When rape isn’t rape

A man enters the dark bedroom of an unmarried woman after seeing her boyfriend leave late at night, and has sexual intercourse with the woman while pretending to be the boyfriend. Has the man committed rape?

That’s the beginning of a controversial decision from an appeals court in California this week that has people calling for a change in an old law.

Julio Morales had been convicted of rape and sentenced to three years in state prison.

Yesterday, the Court of Appeals in Los Angeles answered the question it raised above. No, it’s not rape.

It said the California law on rape of an unconscious woman says the woman “is unconscious or asleep or not aware that the act is occurring or not aware of the essential characteristics of the act because the perpetrator tricked, lied to, or concealed information from her.”

But the woman in this case was awake; she just thought it was her boyfriend, and besides, Morales didn’t pretend to be her boyfriend.

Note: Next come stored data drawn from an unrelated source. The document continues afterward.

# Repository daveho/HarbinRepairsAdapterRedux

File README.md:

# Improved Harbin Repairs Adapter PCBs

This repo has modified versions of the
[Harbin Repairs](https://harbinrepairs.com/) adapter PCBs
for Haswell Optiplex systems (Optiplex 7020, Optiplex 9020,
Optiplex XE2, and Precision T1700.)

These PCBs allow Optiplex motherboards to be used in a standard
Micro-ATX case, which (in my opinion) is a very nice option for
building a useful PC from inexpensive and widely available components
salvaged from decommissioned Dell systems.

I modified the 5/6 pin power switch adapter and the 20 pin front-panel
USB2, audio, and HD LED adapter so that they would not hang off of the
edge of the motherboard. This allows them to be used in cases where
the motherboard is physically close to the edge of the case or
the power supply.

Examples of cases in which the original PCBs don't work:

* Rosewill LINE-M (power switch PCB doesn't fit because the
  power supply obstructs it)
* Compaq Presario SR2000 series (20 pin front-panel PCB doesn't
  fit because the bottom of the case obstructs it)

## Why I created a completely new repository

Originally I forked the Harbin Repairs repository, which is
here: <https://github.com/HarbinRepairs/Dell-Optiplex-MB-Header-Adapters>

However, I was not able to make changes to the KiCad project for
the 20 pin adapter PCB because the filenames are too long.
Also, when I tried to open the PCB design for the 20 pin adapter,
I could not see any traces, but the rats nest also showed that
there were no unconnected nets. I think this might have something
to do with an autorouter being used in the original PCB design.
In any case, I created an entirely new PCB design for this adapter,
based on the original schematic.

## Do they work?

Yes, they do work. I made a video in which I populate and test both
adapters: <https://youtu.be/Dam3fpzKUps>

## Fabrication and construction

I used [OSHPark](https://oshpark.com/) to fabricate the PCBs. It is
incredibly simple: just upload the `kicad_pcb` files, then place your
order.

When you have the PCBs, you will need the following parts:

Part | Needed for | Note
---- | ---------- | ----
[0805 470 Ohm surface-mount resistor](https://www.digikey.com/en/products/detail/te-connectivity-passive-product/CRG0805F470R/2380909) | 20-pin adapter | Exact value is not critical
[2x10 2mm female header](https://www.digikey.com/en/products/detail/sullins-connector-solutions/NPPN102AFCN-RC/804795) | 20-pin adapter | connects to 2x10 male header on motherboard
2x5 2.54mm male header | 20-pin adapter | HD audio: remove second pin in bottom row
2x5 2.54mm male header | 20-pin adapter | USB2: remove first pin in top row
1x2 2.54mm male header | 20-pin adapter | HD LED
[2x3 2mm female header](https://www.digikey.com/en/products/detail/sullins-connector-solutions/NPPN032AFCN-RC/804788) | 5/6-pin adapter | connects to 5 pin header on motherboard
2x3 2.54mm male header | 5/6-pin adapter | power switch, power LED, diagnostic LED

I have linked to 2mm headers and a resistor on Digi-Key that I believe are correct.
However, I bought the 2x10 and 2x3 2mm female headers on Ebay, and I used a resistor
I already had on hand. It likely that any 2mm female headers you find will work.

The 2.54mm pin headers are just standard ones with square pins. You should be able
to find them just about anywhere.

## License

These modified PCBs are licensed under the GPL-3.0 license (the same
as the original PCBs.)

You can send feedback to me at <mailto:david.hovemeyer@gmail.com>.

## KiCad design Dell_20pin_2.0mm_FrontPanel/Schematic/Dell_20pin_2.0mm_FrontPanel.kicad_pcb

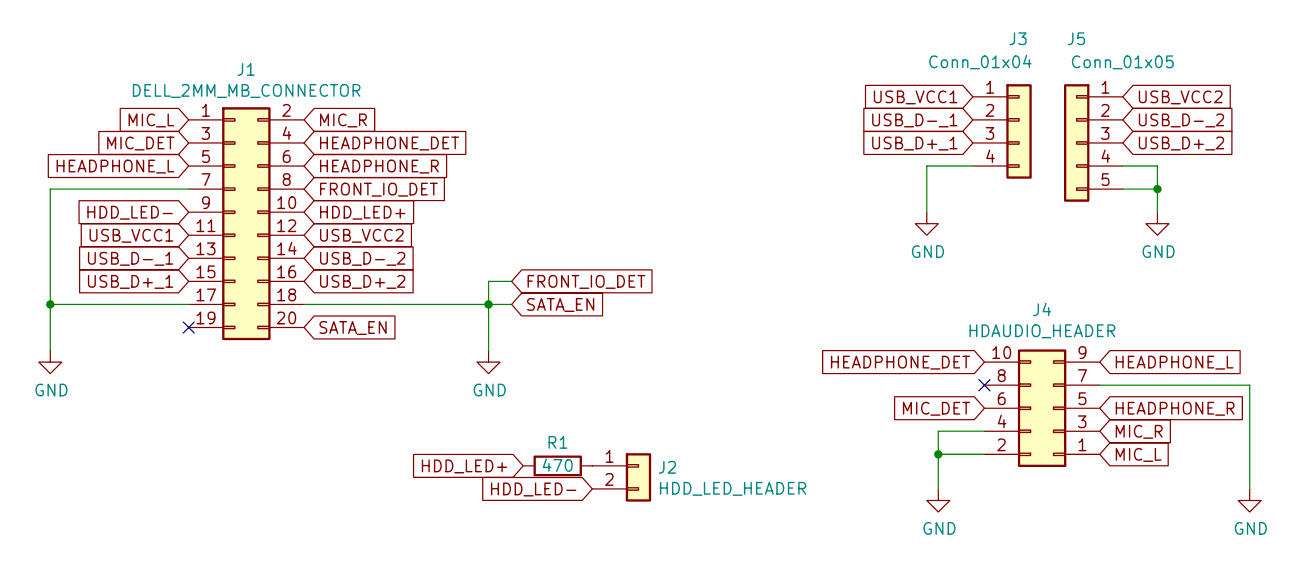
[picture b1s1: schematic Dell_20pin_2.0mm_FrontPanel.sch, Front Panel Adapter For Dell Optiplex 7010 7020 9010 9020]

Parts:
J1: DELL_2MM_MB_CONNECTOR; PinSocket_2x10_P2.00mm_Vertical
J2: HDD_LED_HEADER; PinHeader_1x02_P2.54mm_Vertical
J3: Conn_01x04; PinHeader_1x04_P2.54mm_Vertical
J4: HDAUDIO_HEADER; PinHeader_2x05_P2.54mm_Vertical
J5: Conn_01x05; PinHeader_1x05_P2.54mm_Vertical
R1: 470; R_0805_2012Metric

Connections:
FRONT_IO_DET: J1.7, J1.8, J1.17, J1.18, J1.20, J3.4, J4.2, J4.4, J4.7, J5.4, J5.5
HDD_LED+: J1.10, R1.1
HDD_LED-: J1.9, J2.2
HEADPHONE_DET: J1.4, J4.10
HEADPHONE_L: J1.5, J4.9
HEADPHONE_R: J1.6, J4.5
MIC_DET: J1.3, J4.6
MIC_L: J1.1, J4.1
MIC_R: J1.2, J4.3
unnamed: J2.1, R1.2
USB_D+_1: J1.15, J3.3
USB_D+_2: J1.16, J5.3
USB_D-_1: J1.13, J3.2
USB_D-_2: J1.14, J5.2
USB_VCC1: J1.11, J3.1
USB_VCC2: J1.12, J5.1

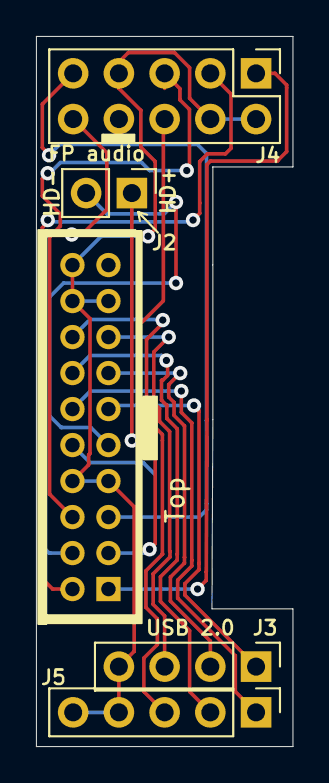
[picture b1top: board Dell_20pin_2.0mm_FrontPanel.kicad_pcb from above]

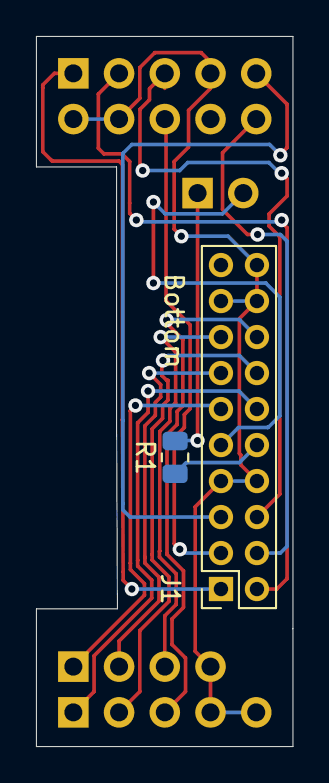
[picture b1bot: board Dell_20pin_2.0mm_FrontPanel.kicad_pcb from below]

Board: 2 copper layers, 14.2 x 39.4 mm, 6 parts (2 on the bottom side), 16 nets.

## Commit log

2022-02-08 create new repo and projects
    The original Harbin Repairs repo has some issues that
    make it difficult to work with: very long filenames,
    spaces in filenames, etc.
    This repo contains my modified versions of the adapter
    PCBs, but with changes to make the files easier to work
    with, and to make the projects more self-contained.
2022-02-08 started a README.md
2022-02-08 move README.md to the correct place
2022-02-08 import original 20pin PCB project
2022-02-08 start new PCB design
    For some reason, when I load the original one in
    pcbnew, it does not show any tracks, but also does
    any rats nest connections.
2022-02-08 placed components
    Note that I still need to make a cutout to avoid
    obstructing the connector for the temperature sensor.
2022-02-08 added cutout for temp sensor connector
    also, set up design rules for OSHPark, and start
    routing
2022-02-08 all traces routed?
2022-04-26 move front-panel USB2 connector
    In the previous version, the part of the PCB where the
    USB2 connector was located bumped up against a capacitor
    on the motherboard. In the revised version, the
    USB2 connector is moved to the "bottom" of the adapter
    PCB, so the cutout can extended to accommodate the
    capacitor.
2022-04-26 redesigned to move the connectors further apart
    In the previous version, the pins of the 2x3 2.54mm
    connector bumped up against the shroud of the 2x3 2mm
    connector on the motherboard. (Not so much that the
    adapter didn't work, but still not ideal.)
    The revised version reorients the 2x3 2.54mm header and
    moves it a bit further from the 2mm connector.
2022-04-26 it helps if you actually route the signals, duh :-)
2022-04-26 add previews of v0.2 designs
2022-05-18 indicate top and bottom on silkscreen
2022-05-18 photo of v0.2 adapters
2022-05-18 update README.md for v0.2 release
2022-05-18 fix link to photo
2022-05-18 fix typo
2022-05-18 another phrasing tweak
2022-05-18 link to video

The court, however, didn’t really need any of that because it said it was constrained by an 1872 law defining rape:

In light of the continued existence of a separate provision that expressly makes sexual intercourse by impersonation a rape, albeit only when the victim is married and the perpetrator impersonates the victim‟s spouse, we are compelled to interpret section 261, subdivision (a)(4), in a way that does not render subdivision (a)(5) superfluous. Therefore, we reluctantly hold that a person who accomplishes sexual intercourse by impersonating someone other than a married victim‟s spouse is not guilty of the crime of rape of an unconscious person under section 261, subdivision (a)(4).

“Judicial activism” has become a bad phrase. A woman in California, however, could’ve used a little in this case.